Natural Gas Short-Term Operation Problem With Dynamics: A Rank Minimization Approach

Natural gas-fired generation units can hedge against the volatility in the uncertain renewable generation, which may occur during very short periods. It is crucial to utilize models capable of correctly capturing the natural gas network dynamics induced by the volatile demand of gas-fired units. The Weymouth equation is commonly implemented in literature to avoid dealing with the mathematical complications of solving the original governing differential equations of the natural gas dynamics. However, it is shown in this paper that this approach is not reliable in the short-term operation problem. Here, the merit of the non-convex transient model is compared with the simplified Weymouth equation, and the drawbacks of employing the Weymouth equation are illustrated.
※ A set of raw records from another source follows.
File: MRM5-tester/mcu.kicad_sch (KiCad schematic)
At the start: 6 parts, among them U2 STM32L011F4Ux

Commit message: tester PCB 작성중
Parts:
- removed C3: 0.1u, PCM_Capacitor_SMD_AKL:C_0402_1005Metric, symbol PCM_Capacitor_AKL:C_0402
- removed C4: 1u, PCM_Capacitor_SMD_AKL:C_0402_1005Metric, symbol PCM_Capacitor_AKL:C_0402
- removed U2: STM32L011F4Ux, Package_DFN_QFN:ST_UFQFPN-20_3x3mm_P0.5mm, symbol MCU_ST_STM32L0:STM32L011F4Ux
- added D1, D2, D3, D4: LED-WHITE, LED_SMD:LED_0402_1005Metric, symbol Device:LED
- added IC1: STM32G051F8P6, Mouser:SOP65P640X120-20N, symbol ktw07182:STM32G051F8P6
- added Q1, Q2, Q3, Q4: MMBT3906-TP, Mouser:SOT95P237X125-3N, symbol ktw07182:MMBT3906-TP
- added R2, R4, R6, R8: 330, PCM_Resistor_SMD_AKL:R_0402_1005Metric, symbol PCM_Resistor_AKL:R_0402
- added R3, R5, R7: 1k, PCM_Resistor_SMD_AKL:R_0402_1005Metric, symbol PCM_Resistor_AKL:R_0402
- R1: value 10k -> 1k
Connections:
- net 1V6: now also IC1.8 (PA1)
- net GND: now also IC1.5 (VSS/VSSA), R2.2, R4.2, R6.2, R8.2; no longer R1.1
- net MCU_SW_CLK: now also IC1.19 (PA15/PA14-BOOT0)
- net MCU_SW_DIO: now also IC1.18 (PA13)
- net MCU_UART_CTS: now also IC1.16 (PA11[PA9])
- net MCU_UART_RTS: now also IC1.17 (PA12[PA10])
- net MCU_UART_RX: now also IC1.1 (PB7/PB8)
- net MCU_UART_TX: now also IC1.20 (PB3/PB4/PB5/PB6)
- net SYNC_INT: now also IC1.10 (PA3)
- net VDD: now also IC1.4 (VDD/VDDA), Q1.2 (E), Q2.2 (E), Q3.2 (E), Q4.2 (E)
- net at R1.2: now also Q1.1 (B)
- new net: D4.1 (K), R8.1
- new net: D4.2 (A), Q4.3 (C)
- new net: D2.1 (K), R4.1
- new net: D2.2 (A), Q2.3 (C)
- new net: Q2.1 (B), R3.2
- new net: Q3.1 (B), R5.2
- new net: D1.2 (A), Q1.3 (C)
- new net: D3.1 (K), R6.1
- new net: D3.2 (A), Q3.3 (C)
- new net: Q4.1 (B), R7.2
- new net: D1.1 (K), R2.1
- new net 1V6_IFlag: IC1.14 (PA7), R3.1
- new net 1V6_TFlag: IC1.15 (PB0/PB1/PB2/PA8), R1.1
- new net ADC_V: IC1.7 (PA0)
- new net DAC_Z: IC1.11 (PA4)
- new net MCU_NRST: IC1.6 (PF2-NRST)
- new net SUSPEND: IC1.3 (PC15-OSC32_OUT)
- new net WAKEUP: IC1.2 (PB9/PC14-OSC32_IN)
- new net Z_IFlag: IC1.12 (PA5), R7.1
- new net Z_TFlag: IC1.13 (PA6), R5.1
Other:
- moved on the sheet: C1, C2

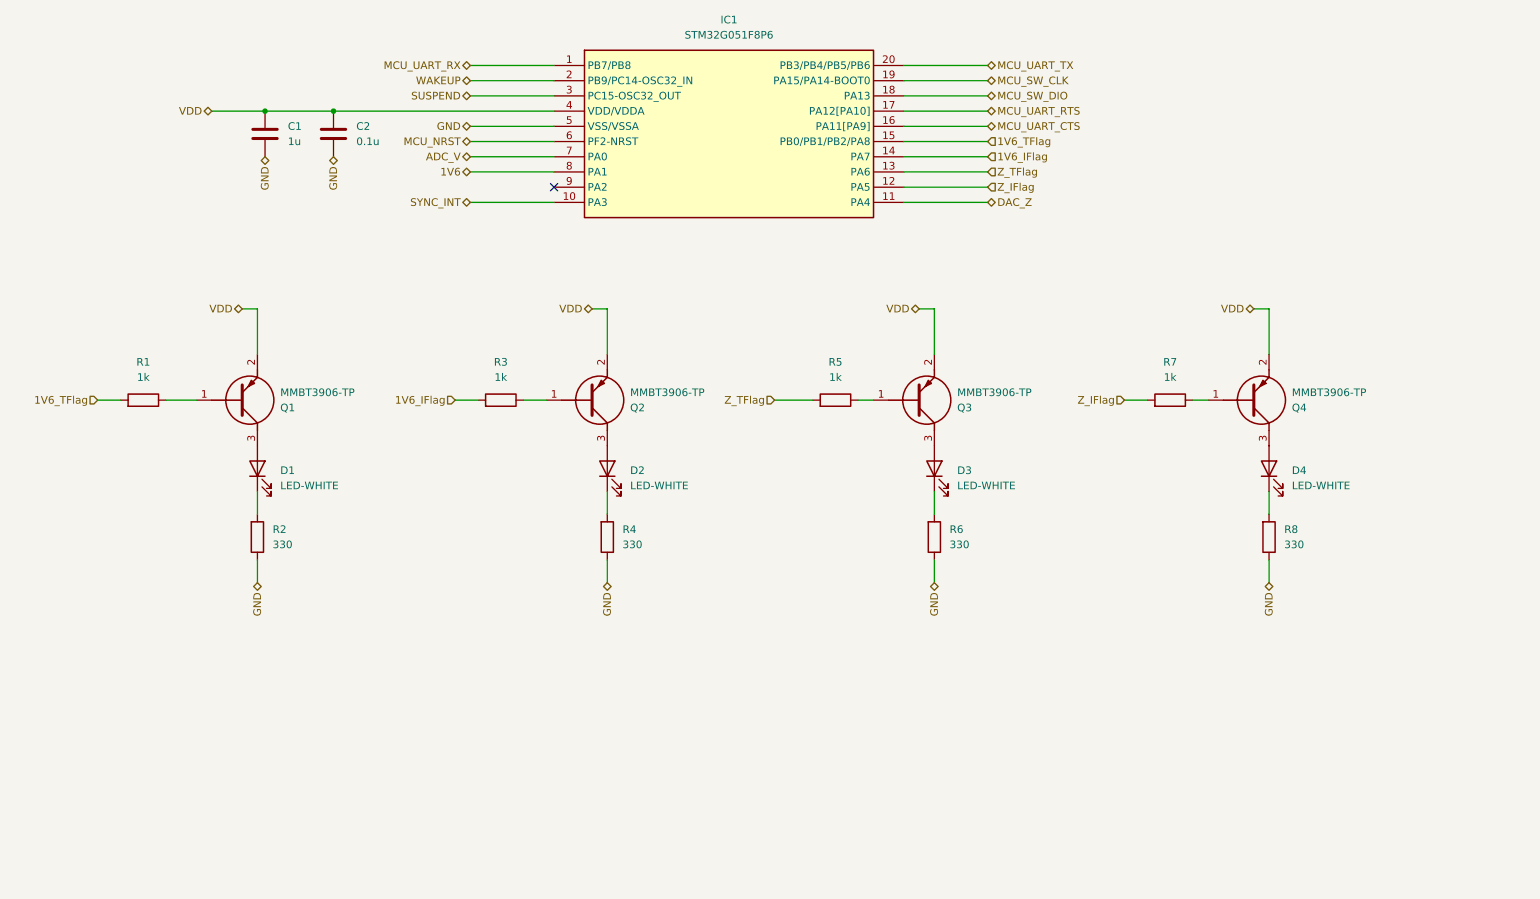
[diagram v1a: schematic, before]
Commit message: tester pcb 디자인 완료
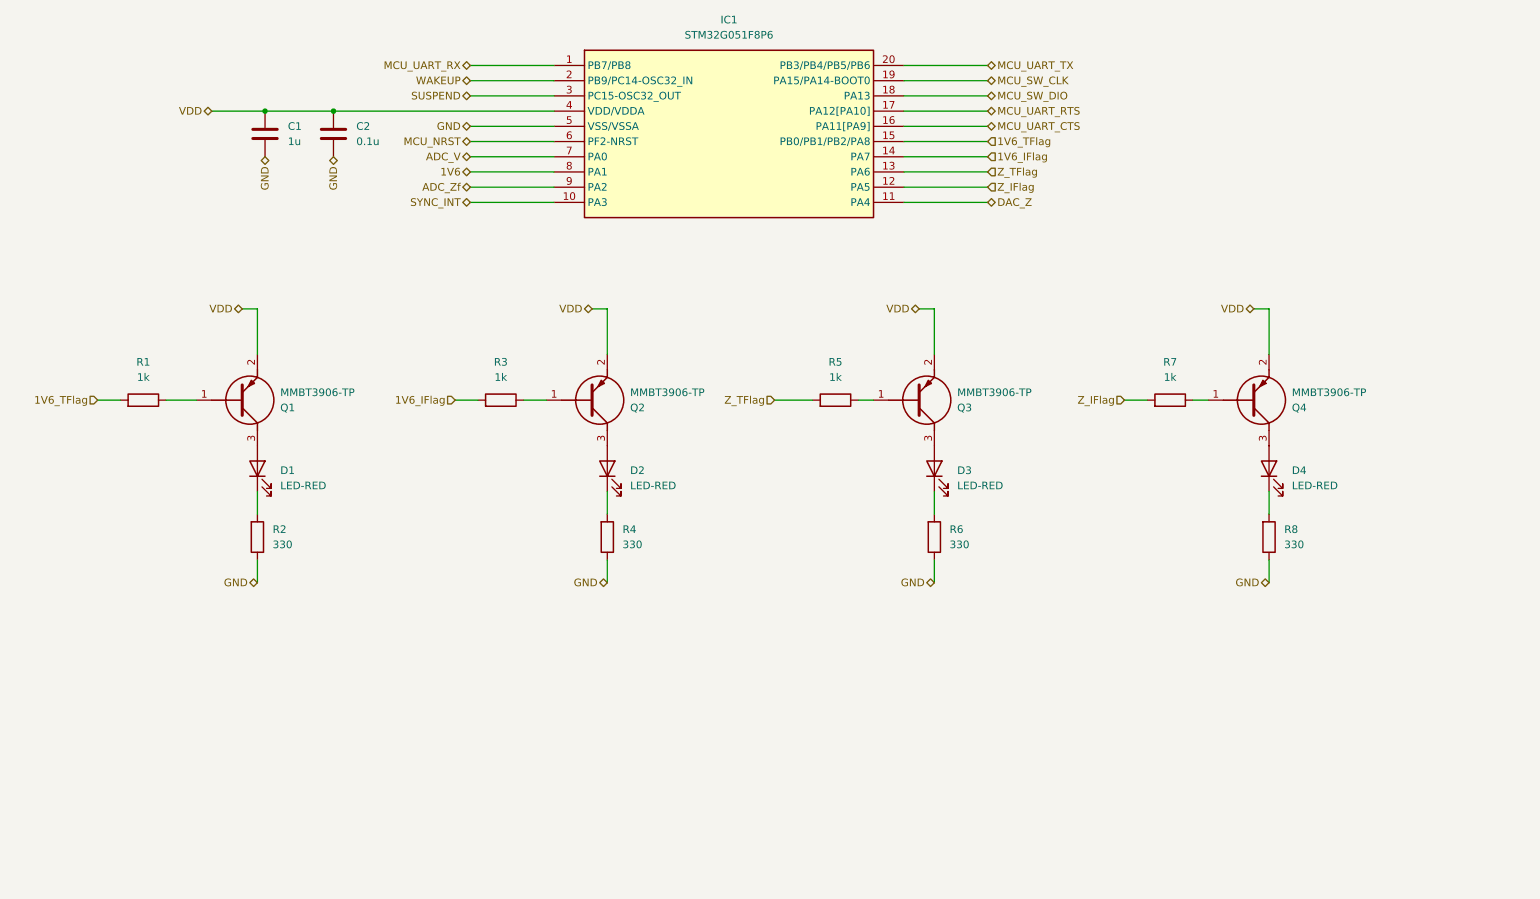
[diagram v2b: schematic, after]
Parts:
- D1, D2, D3, D4: value LED-WHITE -> LED-RED
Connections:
- net ADC_Zf: now reaches IC1.9 (PA2)
- no-connect marks 1 -> 0
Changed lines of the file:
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@@
 		(color 0 0 0 0)
 	)
-	(no_connect
-		(at 119.38 73.66)
-	)
 	(wire
 		(pts
@@
 	(wire
 		(pts
+			(xy 105.41 73.66) (xy 119.38 73.66)
+		)
+		(stroke
+			(width 0)
+			(type default)
+		)
+	)
+	(wire
+		(pts
 			(xy 69.85 93.98) (xy 69.85 101.6)
 		)
@@
 		)
 	)
+	(hierarchical_label "ADC_Zf"
+		(shape bidirectional)
+		(at 105.41 73.66 180)
+		(fields_autoplaced yes)
+		(effects
+			(font
+				(size 1.27 1.27)
+			)
+			(justify right)
+		)
+	)
 	(hierarchical_label "GND"
 		(shape bidirectional)
-		(at 182.88 139.7 270)
+		(at 182.88 139.7 180)
 		(fields_autoplaced yes)
 		(effects
@@
 	(hierarchical_label "GND"
 		(shape bidirectional)
-		(at 69.85 139.7 270)
+		(at 69.85 139.7 180)
 		(fields_autoplaced yes)
 		(effects
@@
 	(hierarchical_label "GND"
 		(shape bidirectional)
-		(at 238.76 139.7 270)
+		(at 238.76 139.7 180)
 		(fields_autoplaced yes)
 		(effects
@@
 	(hierarchical_label "GND"
 		(shape bidirectional)
-		(at 128.27 139.7 270)
+		(at 128.27 139.7 180)
 		(fields_autoplaced yes)
 		(effects
@@
 			)
 		)
-		(property "Value" "LED-WHITE"
+		(property "Value" "LED-RED"
 			(at 242.57 123.5074 90)
 			(effects
@@
 			)
 		)
-		(property "Value" "LED-WHITE"
+		(property "Value" "LED-RED"
 			(at 132.08 123.5074 90)
 			(effects
@@
 			)
 		)
-		(property "Value" "LED-WHITE"
+		(property "Value" "LED-RED"
 			(at 186.69 123.5074 90)
 			(effects
@@
 			)
 		)
-		(property "Value" "LED-WHITE"
+		(property "Value" "LED-RED"
 			(at 73.66 123.5074 90)
 			(effects

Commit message: tester PCB 검토
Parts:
- added Symbol1: ktw07182@gmail.com, Mouser:ktw07182_logo, symbol Mouser:MyLogo
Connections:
- net WAKEUP renamed PUSH_BTN
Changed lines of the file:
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@@
 		)
 	)
-	(hierarchical_label "WAKEUP"
+	(hierarchical_label "PUSH_BTN"
 		(shape bidirectional)
 		(at 105.41 55.88 180)
@@
 					(unit 1)
 				)
+			)
+		)
+	)
+	(symbol
+		(lib_id "Mouser:MyLogo")
+		(at 264.16 161.29 0)
+		(unit 1)
+		(exclude_from_sim no)
+		(in_bom no)
+		(on_board yes)
+		(dnp no)
+		(fields_autoplaced yes)
+		(property "Reference" "Symbol1"
+			(at 264.16 161.29 0)
+			(effects
+				(font
+					(size 1.27 1.27)
+				)
+				(hide yes)
+			)
+		)
+		(property "Value" "ktw07182@gmail.com"
+			(at 263.398 154.94 0)
+			(effects
+				(font
+					(size 1.27 1.27)
+				)
+			)
+		)
+		(property "Footprint" "Mouser:ktw07182_logo"
+			(at 264.16 161.29 0)
+			(effects
+				(font
+					(size 1.27 1.27)
+				)
+				(hide yes)
+			)
+		)
+		(property "Datasheet" ""
+			(at 264.16 161.29 0)
+			(effects
+				(font
+					(size 1.27 1.27)
+				)
+				(hide yes)
+			)
+		)
+		(property "Description" ""
+			(at 264.16 161.29 0)
+			(effects
+				(font
+					(size 1.27 1.27)
+				)
+				(hide yes)
+			)
+		)
+		(instances
+			(project ""
+				(path "/6e775c75-0b09-4e5f-9bff-c5585ac94ad7/02df2b53-e79f-4009-ab3b-419158fe5275"
+					(reference "Symbol1")
+					(unit 1)
+				)

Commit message: MRM5-tester updated
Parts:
- removed D1, D2, D3, D4: LED-RED, LED_SMD:LED_0402_1005Metric, symbol Device:LED
- added LED1, LED2, LED3, LED4: LED_0603_Red, PCM_LED_SMD_AKL:LED_0603_1608Metric, symbol PCM_LED_AKL:LED_0603_Red
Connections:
- net at R8.1: now also LED4.1 (K)
- net at Q4.3 (C): now also LED4.2 (A)
- net at R4.1: now also LED2.1 (K)
- net at Q2.3 (C): now also LED2.2 (A)
- net at Q1.3 (C): now also LED1.2 (A)
- net at R6.1: now also LED3.1 (K)
- net at Q3.3 (C): now also LED3.2 (A)
- net at R2.1: now also LED1.1 (K)

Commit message: case updated
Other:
- moved on the sheet: C1, C2, IC1, LED1, LED2, LED3, LED4, Q1, Q2, Q3, Q4, R1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

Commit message: tester pcb updated
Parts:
- removed LED1, LED2, LED3, LED4: LED_0603_Red, PCM_LED_SMD_AKL:LED_0603_1608Metric, symbol PCM_LED_AKL:LED_0603_Red
- added LED1, LED2, LED3, LED4: LED_5mm, PCM_LED_THT_AKL:LED_D5.0mm, symbol PCM_LED_AKL:LED_5mm
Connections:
- net at Q2.3 (C): now also LED2.2 (A)
- net at R4.1: now also LED2.1 (K)
- net at Q1.3 (C): now also LED1.2 (A)
- net at R2.1: now also LED1.1 (K)
- net at R6.1: now also LED3.1 (K)
- net at Q4.3 (C): now also LED4.2 (A)
- net at Q3.3 (C): now also LED3.2 (A)
- net at R8.1: now also LED4.1 (K)

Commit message: case found!
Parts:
- C1: footprint PCM_Capacitor_SMD_AKL:C_0402_1005Metric -> PCM_Capacitor_SMD_AKL:C_0603_1608Metric
- C2: value 0.1u -> 100n; footprint PCM_Capacitor_SMD_AKL:C_0402_1005Metric -> PCM_Capacitor_SMD_AKL:C_0603_1608Metric
- Q1, Q2, Q3, Q4: value MMBT3906-TP -> SMMBT3906LT3G
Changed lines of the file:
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@@
 			)
 		)
-		(property "Value" "0.1u"
+		(property "Value" "100n"
 			(at 85.09 66.0399 0)
 			(effects
@@
 			)
 		)
-		(property "Footprint" "PCM_Capacitor_SMD_AKL:C_0402_1005Metric"
+		(property "Footprint" "PCM_Capacitor_SMD_AKL:C_0603_1608Metric"
 			(at 80.3148 60.96 0)
 			(effects
@@
 			)
 		)
-		(property "Value" "MMBT3906-TP"
+		(property "Value" "SMMBT3906LT3G"
 			(at 130.81 107.9501 0)
 			(effects
@@
 			)
 		)
-		(property "Value" "MMBT3906-TP"
+		(property "Value" "SMMBT3906LT3G"
 			(at 72.39 107.9501 0)
 			(effects
@@
 			)
 		)
-		(property "Value" "MMBT3906-TP"
+		(property "Value" "SMMBT3906LT3G"
 			(at 241.3 107.9501 0)
 			(effects
@@
 			)
 		)
-		(property "Footprint" "PCM_Capacitor_SMD_AKL:C_0402_1005Metric"
+		(property "Footprint" "PCM_Capacitor_SMD_AKL:C_0603_1608Metric"
 			(at 68.8848 60.96 0)
 			(effects
@@
 			)
 		)
-		(property "Value" "MMBT3906-TP"
+		(property "Value" "SMMBT3906LT3G"
 			(at 185.42 107.9501 0)
 			(effects

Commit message: 케이스에 마춰서 제작 중
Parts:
- LED1, LED2, LED3, LED4: footprint PCM_LED_THT_AKL:LED_D5.0mm -> PCM_LED_SMD_Handsoldering_AKL:LED_1206_3216Metric
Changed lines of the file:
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@@
 			)
 		)
-		(property "Footprint" "PCM_LED_THT_AKL:LED_D5.0mm"
+		(property "Footprint" "PCM_LED_SMD_Handsoldering_AKL:LED_1206_3216Metric"
 			(at 68.58 120.65 0)
 			(effects
@@
 			)
 		)
-		(property "Footprint" "PCM_LED_THT_AKL:LED_D5.0mm"
+		(property "Footprint" "PCM_LED_SMD_Handsoldering_AKL:LED_1206_3216Metric"
 			(at 181.61 120.65 0)
 			(effects
@@
 			)
 		)
-		(property "Footprint" "PCM_LED_THT_AKL:LED_D5.0mm"
+		(property "Footprint" "PCM_LED_SMD_Handsoldering_AKL:LED_1206_3216Metric"
 			(at 127 120.65 0)
 			(effects
@@
 			)
 		)
-		(property "Footprint" "PCM_LED_THT_AKL:LED_D5.0mm"
+		(property "Footprint" "PCM_LED_SMD_Handsoldering_AKL:LED_1206_3216Metric"
 			(at 237.49 120.65 0)
 			(effects

The results demonstrate how changes in the natural gas demand are met by adjustment in the pressure within pipelines rather than the output of natural gas suppliers. This work presents a convex relaxation scheme for the original non-linear and non-convex natural gas flow equations with dynamics, utilizing a rank minimization approach to ensure the tightness. The proposed method renders a computationally efficient framework that can accurately solve the non-convex non-linear gas operation problem and accurately capture its dynamics. Also, the results suggest that the proposed model improves the solution optimality and solution time compared to the original non-linear non-convex model. Finally, the scalability of the proposed approach is verified in the case study.